- **INPUT DATA**
++++++++
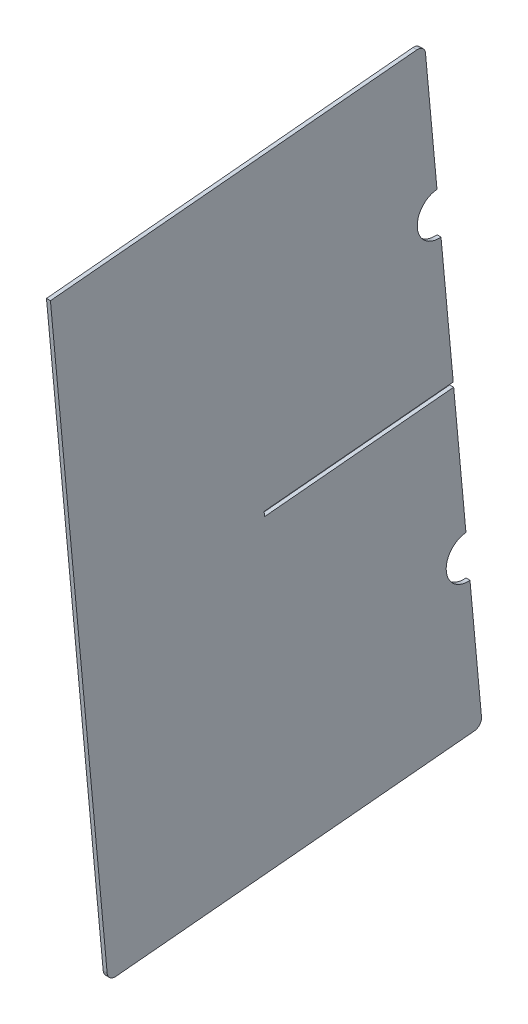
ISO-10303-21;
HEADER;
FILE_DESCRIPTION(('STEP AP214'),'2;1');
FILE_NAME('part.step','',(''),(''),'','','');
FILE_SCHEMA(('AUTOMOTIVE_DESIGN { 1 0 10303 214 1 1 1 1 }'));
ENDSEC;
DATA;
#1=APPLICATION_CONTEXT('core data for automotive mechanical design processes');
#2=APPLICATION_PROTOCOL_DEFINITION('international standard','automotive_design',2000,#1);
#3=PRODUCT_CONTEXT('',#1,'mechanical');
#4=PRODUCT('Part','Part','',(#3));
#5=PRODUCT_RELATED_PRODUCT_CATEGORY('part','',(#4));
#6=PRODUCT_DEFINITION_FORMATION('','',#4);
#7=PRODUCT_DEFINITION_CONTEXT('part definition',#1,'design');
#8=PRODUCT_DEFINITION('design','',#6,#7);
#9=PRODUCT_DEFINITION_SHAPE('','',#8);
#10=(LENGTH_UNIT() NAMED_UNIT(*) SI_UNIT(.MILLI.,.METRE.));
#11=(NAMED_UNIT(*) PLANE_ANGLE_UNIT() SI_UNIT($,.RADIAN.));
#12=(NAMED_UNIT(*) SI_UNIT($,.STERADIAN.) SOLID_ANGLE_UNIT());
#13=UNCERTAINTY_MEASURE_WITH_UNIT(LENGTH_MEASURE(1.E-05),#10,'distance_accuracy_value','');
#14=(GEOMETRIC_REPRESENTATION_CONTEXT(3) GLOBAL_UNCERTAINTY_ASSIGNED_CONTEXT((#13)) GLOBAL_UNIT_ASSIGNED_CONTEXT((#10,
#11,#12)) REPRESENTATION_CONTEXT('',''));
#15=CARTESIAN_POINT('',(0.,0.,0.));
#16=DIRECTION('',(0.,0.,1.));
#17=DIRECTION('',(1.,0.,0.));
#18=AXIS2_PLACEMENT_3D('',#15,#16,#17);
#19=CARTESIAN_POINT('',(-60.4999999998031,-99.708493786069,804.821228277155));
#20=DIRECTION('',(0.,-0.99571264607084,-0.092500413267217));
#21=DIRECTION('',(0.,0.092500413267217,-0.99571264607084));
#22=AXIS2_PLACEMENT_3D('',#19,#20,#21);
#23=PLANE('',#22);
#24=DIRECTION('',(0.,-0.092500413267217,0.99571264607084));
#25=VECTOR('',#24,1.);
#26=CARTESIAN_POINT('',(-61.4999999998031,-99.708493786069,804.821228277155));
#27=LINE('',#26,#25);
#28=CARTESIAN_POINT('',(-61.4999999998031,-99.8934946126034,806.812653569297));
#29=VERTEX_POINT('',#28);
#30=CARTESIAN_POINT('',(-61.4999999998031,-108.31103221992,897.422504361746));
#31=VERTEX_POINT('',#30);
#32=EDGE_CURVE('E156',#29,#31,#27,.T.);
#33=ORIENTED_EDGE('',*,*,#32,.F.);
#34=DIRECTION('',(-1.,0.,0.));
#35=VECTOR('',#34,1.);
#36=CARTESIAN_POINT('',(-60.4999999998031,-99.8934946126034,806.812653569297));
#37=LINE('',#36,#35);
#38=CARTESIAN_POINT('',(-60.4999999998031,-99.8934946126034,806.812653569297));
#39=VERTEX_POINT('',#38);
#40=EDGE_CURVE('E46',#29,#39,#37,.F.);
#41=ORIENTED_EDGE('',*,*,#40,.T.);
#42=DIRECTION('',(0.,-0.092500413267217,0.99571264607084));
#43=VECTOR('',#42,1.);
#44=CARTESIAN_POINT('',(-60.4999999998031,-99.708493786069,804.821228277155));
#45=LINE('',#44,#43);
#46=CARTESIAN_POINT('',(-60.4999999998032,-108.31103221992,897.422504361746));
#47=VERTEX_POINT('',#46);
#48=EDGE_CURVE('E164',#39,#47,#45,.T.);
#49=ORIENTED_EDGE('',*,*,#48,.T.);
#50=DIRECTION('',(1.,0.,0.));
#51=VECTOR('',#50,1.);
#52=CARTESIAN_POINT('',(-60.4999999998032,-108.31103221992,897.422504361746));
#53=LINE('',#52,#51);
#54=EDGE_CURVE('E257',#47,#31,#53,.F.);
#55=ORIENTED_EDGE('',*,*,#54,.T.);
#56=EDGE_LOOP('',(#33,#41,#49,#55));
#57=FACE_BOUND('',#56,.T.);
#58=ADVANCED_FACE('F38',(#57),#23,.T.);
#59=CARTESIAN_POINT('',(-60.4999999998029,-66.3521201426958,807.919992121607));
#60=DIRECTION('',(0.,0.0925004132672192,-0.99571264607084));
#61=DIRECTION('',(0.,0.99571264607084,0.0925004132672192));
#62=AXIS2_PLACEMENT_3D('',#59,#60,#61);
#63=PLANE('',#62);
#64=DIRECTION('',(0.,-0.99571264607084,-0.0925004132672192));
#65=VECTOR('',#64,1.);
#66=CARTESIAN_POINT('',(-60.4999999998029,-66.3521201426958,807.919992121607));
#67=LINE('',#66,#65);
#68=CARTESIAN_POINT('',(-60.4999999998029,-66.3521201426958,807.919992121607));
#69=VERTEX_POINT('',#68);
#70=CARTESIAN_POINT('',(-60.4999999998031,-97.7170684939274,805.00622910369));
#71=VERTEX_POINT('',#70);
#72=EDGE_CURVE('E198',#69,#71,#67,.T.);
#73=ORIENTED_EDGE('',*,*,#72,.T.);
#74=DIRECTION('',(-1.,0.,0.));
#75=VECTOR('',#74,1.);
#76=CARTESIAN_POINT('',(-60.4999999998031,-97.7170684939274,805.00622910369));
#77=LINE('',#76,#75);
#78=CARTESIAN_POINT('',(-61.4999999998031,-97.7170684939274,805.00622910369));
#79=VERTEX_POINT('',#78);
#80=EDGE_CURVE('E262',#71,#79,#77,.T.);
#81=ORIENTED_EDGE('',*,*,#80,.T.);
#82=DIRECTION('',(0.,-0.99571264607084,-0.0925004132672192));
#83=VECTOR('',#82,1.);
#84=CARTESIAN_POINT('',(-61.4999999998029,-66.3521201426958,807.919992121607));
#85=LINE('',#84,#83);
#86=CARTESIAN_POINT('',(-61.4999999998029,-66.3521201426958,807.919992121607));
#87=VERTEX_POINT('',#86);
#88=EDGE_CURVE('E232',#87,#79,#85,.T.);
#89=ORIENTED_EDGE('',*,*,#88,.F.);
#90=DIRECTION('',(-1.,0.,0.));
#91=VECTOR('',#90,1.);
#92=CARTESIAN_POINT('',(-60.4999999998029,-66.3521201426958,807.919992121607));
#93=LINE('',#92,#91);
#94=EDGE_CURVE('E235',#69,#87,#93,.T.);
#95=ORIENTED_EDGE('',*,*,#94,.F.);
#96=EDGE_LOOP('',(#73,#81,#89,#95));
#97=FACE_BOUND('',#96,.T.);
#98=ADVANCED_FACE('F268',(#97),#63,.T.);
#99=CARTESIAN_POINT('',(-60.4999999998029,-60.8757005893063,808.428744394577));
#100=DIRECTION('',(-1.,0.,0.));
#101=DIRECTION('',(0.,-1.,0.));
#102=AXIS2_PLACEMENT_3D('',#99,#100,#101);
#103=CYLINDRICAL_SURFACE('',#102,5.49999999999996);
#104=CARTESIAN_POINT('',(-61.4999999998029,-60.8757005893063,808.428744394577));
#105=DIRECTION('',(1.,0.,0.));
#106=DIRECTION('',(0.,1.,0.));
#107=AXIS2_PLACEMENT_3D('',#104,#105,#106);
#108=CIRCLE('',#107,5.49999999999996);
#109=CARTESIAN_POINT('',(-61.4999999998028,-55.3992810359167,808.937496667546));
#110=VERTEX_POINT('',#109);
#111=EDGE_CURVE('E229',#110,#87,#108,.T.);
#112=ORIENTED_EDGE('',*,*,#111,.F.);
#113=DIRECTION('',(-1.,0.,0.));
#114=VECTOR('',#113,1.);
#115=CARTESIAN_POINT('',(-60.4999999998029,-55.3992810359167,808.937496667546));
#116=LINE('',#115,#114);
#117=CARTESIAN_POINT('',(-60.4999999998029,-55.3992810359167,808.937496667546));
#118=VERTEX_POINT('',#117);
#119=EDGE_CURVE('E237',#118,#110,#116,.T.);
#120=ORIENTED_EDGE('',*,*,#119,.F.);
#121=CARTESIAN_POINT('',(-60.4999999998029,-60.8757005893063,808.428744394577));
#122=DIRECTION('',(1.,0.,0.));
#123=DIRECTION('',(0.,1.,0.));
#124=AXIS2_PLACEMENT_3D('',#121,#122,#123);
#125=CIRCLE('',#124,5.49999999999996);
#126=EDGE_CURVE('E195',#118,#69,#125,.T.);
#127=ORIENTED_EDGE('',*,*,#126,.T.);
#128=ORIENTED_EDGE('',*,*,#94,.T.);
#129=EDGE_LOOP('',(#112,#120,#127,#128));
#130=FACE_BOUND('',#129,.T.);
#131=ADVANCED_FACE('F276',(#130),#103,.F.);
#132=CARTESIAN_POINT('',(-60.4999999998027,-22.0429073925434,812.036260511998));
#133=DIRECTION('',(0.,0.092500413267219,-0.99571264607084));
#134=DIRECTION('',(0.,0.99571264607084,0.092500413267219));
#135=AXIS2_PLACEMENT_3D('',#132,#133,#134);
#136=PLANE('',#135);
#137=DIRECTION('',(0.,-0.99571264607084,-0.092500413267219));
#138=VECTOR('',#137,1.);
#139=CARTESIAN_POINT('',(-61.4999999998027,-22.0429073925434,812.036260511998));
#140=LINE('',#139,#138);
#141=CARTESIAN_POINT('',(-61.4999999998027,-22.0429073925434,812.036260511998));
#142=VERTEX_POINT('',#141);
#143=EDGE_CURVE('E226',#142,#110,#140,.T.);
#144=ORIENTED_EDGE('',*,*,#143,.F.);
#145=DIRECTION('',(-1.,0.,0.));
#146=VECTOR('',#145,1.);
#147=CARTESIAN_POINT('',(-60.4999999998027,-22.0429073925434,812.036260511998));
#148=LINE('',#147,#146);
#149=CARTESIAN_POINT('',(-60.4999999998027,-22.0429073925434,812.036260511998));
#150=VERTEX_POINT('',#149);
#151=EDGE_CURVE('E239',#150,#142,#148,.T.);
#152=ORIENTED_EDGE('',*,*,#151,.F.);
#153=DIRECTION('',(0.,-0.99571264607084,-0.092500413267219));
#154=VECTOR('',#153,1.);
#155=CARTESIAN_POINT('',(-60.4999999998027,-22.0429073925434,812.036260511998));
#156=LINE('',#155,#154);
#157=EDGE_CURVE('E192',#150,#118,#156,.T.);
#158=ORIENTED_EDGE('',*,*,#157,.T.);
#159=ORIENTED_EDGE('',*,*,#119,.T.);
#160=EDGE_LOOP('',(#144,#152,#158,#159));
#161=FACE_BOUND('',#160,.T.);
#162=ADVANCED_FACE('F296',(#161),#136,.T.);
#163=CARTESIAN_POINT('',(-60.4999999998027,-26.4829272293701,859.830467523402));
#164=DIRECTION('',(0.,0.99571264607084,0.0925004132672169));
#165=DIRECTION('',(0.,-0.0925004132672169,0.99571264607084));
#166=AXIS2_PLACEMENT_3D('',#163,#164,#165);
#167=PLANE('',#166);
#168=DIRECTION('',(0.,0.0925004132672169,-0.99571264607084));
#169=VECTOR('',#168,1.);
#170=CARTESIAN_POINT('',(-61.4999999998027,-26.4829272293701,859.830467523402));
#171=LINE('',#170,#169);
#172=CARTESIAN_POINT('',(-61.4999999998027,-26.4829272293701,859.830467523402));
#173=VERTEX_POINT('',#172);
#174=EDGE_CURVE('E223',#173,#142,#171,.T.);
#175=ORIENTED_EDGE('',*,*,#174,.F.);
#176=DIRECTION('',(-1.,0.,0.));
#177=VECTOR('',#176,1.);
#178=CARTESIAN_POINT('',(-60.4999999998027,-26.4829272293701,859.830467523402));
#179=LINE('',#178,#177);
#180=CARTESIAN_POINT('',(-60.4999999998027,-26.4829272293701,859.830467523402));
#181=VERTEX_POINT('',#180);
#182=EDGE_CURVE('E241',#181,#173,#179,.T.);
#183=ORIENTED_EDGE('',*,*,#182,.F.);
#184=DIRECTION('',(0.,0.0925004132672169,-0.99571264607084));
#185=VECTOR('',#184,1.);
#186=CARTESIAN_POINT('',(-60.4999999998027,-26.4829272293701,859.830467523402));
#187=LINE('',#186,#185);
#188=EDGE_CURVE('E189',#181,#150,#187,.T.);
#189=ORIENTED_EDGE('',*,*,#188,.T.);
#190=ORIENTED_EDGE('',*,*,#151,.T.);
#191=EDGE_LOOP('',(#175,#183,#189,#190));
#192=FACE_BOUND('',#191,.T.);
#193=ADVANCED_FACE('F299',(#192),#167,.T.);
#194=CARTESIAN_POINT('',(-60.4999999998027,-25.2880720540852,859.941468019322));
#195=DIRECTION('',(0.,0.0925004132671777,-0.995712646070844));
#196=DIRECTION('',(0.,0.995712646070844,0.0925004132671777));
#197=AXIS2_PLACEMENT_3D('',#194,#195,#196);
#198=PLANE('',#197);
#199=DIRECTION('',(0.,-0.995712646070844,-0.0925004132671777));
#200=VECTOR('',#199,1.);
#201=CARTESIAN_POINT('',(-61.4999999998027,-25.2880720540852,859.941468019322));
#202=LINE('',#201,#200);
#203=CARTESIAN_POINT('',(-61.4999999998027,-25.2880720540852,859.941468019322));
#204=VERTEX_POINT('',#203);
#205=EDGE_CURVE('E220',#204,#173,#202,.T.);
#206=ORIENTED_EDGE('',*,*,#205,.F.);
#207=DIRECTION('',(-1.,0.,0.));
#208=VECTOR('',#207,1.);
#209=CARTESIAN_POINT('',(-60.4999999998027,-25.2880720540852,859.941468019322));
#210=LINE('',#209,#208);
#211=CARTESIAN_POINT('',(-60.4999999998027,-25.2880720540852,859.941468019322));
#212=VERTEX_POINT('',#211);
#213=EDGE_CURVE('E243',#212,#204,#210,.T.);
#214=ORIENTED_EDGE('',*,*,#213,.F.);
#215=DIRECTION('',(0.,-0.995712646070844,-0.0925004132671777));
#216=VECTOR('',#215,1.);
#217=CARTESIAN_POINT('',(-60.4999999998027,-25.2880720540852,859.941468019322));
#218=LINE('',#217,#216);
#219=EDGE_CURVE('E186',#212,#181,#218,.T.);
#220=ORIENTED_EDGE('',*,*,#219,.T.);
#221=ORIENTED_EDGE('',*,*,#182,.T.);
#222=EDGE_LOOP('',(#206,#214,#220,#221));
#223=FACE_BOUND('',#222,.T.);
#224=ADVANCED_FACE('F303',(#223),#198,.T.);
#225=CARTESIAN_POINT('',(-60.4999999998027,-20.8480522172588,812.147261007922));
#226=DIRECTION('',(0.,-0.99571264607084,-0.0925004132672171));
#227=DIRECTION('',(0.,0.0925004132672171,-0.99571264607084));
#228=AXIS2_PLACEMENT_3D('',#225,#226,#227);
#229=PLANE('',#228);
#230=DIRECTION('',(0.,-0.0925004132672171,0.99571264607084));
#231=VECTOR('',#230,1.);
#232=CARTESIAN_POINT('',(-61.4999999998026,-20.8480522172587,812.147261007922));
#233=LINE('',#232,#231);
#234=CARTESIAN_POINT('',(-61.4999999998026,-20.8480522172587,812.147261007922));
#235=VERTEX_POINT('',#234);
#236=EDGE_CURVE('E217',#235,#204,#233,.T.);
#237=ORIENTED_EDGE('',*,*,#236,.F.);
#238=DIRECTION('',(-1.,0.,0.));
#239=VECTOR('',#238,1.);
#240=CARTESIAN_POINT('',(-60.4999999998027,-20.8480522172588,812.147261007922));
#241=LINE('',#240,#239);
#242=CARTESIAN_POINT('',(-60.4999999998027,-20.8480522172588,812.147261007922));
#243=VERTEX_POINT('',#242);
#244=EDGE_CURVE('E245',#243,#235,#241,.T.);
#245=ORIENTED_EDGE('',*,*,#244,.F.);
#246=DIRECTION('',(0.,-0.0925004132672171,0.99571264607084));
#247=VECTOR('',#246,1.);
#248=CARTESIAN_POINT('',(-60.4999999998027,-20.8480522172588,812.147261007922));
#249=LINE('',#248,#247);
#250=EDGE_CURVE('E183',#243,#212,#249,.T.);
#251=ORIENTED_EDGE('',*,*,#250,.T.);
++++++++
- **YOUR OBJECTIVE**
Taking the entries above, write out exactly the lines starting with the line containing "#83=VECTOR('',#82,1.);" and going on through the line containing "#129=EDGE_LOOP('',(#112,#120,#127,#128));", both included, and nothing else.

- **OUTPUT**
#83=VECTOR('',#82,1.);
#84=CARTESIAN_POINT('',(-61.4999999998029,-66.3521201426958,807.919992121607));
#85=LINE('',#84,#83);
#86=CARTESIAN_POINT('',(-61.4999999998029,-66.3521201426958,807.919992121607));
#87=VERTEX_POINT('',#86);
#88=EDGE_CURVE('E232',#87,#79,#85,.T.);
#89=ORIENTED_EDGE('',*,*,#88,.F.);
#90=DIRECTION('',(-1.,0.,0.));
#91=VECTOR('',#90,1.);
#92=CARTESIAN_POINT('',(-60.4999999998029,-66.3521201426958,807.919992121607));
#93=LINE('',#92,#91);
#94=EDGE_CURVE('E235',#69,#87,#93,.T.);
#95=ORIENTED_EDGE('',*,*,#94,.F.);
#96=EDGE_LOOP('',(#73,#81,#89,#95));
#97=FACE_BOUND('',#96,.T.);
#98=ADVANCED_FACE('F268',(#97),#63,.T.);
#99=CARTESIAN_POINT('',(-60.4999999998029,-60.8757005893063,808.428744394577));
#100=DIRECTION('',(-1.,0.,0.));
#101=DIRECTION('',(0.,-1.,0.));
#102=AXIS2_PLACEMENT_3D('',#99,#100,#101);
#103=CYLINDRICAL_SURFACE('',#102,5.49999999999996);
#104=CARTESIAN_POINT('',(-61.4999999998029,-60.8757005893063,808.428744394577));
#105=DIRECTION('',(1.,0.,0.));
#106=DIRECTION('',(0.,1.,0.));
#107=AXIS2_PLACEMENT_3D('',#104,#105,#106);
#108=CIRCLE('',#107,5.49999999999996);
#109=CARTESIAN_POINT('',(-61.4999999998028,-55.3992810359167,808.937496667546));
#110=VERTEX_POINT('',#109);
#111=EDGE_CURVE('E229',#110,#87,#108,.T.);
#112=ORIENTED_EDGE('',*,*,#111,.F.);
#113=DIRECTION('',(-1.,0.,0.));
#114=VECTOR('',#113,1.);
#115=CARTESIAN_POINT('',(-60.4999999998029,-55.3992810359167,808.937496667546));
#116=LINE('',#115,#114);
#117=CARTESIAN_POINT('',(-60.4999999998029,-55.3992810359167,808.937496667546));
#118=VERTEX_POINT('',#117);
#119=EDGE_CURVE('E237',#118,#110,#116,.T.);
#120=ORIENTED_EDGE('',*,*,#119,.F.);
#121=CARTESIAN_POINT('',(-60.4999999998029,-60.8757005893063,808.428744394577));
#122=DIRECTION('',(1.,0.,0.));
#123=DIRECTION('',(0.,1.,0.));
#124=AXIS2_PLACEMENT_3D('',#121,#122,#123);
#125=CIRCLE('',#124,5.49999999999996);
#126=EDGE_CURVE('E195',#118,#69,#125,.T.);
#127=ORIENTED_EDGE('',*,*,#126,.T.);
#128=ORIENTED_EDGE('',*,*,#94,.T.);
#129=EDGE_LOOP('',(#112,#120,#127,#128));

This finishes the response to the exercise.